Credit card limits will also be increased according to the customers’ needs, especially for expenses on health and food.
Point of Sale (POS) and Payment Recording Device fees will be delayed for three months, it added.
Another private lender Akbank said it will allow all individual and corporate clients to postpone interest, principal and installment payments, due on April 30, until June 30.
Participation banks to ease process
Participation banks have also moved to ease the process to minimize the potential damage to economic life.
The state-run participation bank, Ziraat Katılım, announced that upon the request of their commercial and retail customers, the installment, dividend and principal payments due on March 31 will be postponed.
The bank said that appropriate term restructuring applications will be developed for the current financing of the customers whose cash flow was disrupted or could face disruption and may have payment problems accordingly, by providing an additional period of up to six months of a payment free period and up to 12 months for sectors with periodic activity.
Firms that pay their personnel salaries though the Ziraat Katılım will be provided with an additional limit of three months' staff salary expense, if necessary, on the condition of maintaining their employment levels the same as the end of February, the bank said in a statement.
One of the country's leading participation banks, Vakıf Katılım, will also provide flexibility in installment payments until June 30, upon the demands of customers using individual and corporate funds.
Besides, funding specific to the most affected sectors, including tourism and urban public transport, will be restructured for up to 12 months of a payment free period.

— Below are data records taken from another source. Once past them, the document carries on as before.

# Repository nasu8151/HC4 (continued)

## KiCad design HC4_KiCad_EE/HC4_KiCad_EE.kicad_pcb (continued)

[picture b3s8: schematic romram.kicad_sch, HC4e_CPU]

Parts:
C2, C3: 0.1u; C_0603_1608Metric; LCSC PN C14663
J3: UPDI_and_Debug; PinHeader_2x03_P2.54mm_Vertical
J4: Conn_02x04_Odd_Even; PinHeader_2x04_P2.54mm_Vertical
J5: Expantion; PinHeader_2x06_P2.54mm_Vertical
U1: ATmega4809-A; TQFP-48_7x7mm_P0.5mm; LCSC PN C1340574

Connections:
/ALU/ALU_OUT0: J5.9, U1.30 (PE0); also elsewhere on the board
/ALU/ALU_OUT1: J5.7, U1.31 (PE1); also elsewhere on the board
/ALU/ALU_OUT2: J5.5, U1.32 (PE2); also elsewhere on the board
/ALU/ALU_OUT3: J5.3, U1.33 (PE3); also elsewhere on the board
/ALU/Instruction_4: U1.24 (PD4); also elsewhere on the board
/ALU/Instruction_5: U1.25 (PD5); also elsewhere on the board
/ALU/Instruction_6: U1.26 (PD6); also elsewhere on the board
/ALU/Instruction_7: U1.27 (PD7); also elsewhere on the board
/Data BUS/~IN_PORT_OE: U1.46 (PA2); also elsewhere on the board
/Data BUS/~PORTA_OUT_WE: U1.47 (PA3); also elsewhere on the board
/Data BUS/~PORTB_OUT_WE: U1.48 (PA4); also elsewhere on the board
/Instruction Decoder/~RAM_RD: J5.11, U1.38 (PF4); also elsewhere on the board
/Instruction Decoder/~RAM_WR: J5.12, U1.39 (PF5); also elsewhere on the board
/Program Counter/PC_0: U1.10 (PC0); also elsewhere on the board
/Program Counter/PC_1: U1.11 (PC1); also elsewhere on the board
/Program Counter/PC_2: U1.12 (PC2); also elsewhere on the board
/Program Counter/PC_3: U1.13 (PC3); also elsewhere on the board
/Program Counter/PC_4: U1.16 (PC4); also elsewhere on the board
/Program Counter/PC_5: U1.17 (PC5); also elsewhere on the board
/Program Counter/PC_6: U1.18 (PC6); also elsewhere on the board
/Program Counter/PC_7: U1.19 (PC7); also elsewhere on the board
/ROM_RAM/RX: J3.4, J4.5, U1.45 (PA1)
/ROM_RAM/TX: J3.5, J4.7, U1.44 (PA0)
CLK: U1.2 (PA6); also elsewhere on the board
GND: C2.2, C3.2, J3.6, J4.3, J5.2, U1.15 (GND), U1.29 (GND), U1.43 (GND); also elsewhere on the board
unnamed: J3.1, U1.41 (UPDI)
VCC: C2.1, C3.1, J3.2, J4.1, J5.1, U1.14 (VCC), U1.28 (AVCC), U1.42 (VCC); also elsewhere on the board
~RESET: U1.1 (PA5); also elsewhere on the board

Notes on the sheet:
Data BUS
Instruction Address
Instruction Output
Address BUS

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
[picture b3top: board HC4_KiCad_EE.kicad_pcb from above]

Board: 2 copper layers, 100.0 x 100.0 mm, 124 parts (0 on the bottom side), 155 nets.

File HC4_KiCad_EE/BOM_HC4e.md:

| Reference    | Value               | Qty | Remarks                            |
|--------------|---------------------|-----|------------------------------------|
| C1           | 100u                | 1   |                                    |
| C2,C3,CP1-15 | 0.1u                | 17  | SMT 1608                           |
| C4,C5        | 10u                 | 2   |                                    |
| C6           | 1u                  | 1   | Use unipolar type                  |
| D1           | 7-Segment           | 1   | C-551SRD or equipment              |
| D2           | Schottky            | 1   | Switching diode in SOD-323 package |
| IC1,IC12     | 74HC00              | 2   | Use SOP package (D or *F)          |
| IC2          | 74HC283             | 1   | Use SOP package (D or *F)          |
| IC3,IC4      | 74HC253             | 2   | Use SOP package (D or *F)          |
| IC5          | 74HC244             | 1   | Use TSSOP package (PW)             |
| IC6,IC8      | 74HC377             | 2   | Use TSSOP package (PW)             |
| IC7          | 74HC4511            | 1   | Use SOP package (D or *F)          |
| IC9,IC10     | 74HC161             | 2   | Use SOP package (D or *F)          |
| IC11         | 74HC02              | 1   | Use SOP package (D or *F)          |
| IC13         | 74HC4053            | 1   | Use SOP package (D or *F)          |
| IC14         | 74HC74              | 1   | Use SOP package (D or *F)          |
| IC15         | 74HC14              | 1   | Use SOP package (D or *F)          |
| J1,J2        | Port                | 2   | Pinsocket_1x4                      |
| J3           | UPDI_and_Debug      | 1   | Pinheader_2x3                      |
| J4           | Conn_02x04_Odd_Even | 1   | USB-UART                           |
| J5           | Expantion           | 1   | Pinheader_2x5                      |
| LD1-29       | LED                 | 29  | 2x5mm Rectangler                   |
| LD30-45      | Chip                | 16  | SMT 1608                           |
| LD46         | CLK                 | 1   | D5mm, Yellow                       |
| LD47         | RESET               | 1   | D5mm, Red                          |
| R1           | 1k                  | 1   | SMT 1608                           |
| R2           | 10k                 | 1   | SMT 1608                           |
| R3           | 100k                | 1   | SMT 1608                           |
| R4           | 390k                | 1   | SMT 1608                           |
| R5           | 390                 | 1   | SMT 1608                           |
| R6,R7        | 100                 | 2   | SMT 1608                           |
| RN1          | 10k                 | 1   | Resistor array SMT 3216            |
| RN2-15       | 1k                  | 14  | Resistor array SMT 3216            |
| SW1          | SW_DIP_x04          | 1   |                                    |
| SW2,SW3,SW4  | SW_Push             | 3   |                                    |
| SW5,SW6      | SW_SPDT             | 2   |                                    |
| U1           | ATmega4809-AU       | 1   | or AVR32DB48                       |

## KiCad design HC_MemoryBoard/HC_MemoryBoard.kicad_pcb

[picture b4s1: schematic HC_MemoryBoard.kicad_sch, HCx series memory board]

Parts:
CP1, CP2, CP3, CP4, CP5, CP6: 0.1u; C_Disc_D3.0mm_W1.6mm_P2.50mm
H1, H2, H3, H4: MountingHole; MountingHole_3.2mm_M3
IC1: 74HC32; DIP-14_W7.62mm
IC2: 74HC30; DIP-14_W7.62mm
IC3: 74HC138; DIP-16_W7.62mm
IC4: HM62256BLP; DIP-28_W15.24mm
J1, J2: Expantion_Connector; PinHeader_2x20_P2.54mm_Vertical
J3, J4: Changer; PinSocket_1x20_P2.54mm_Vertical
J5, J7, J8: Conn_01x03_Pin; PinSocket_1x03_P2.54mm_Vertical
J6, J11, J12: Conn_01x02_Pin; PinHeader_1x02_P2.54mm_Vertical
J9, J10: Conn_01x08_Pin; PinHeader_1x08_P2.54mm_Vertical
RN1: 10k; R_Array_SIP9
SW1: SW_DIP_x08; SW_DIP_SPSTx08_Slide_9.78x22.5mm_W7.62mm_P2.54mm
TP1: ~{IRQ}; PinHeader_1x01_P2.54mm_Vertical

The Turkish Capital Markets Board also said Monday that it was extending the first-quarter financial reporting deadline by 30 days for companies with traded market tools in response to the coronavirus pandemic.
Turkey on Sunday confirmed nine more deaths from COVID-19, the disease caused by the new coronavirus, as the total number of confirmed cases in the country rose to 1,256.
Health Minister Fahrettin Koca said Sunday evening that all of the 30 people who have died from the disease were senior citizens.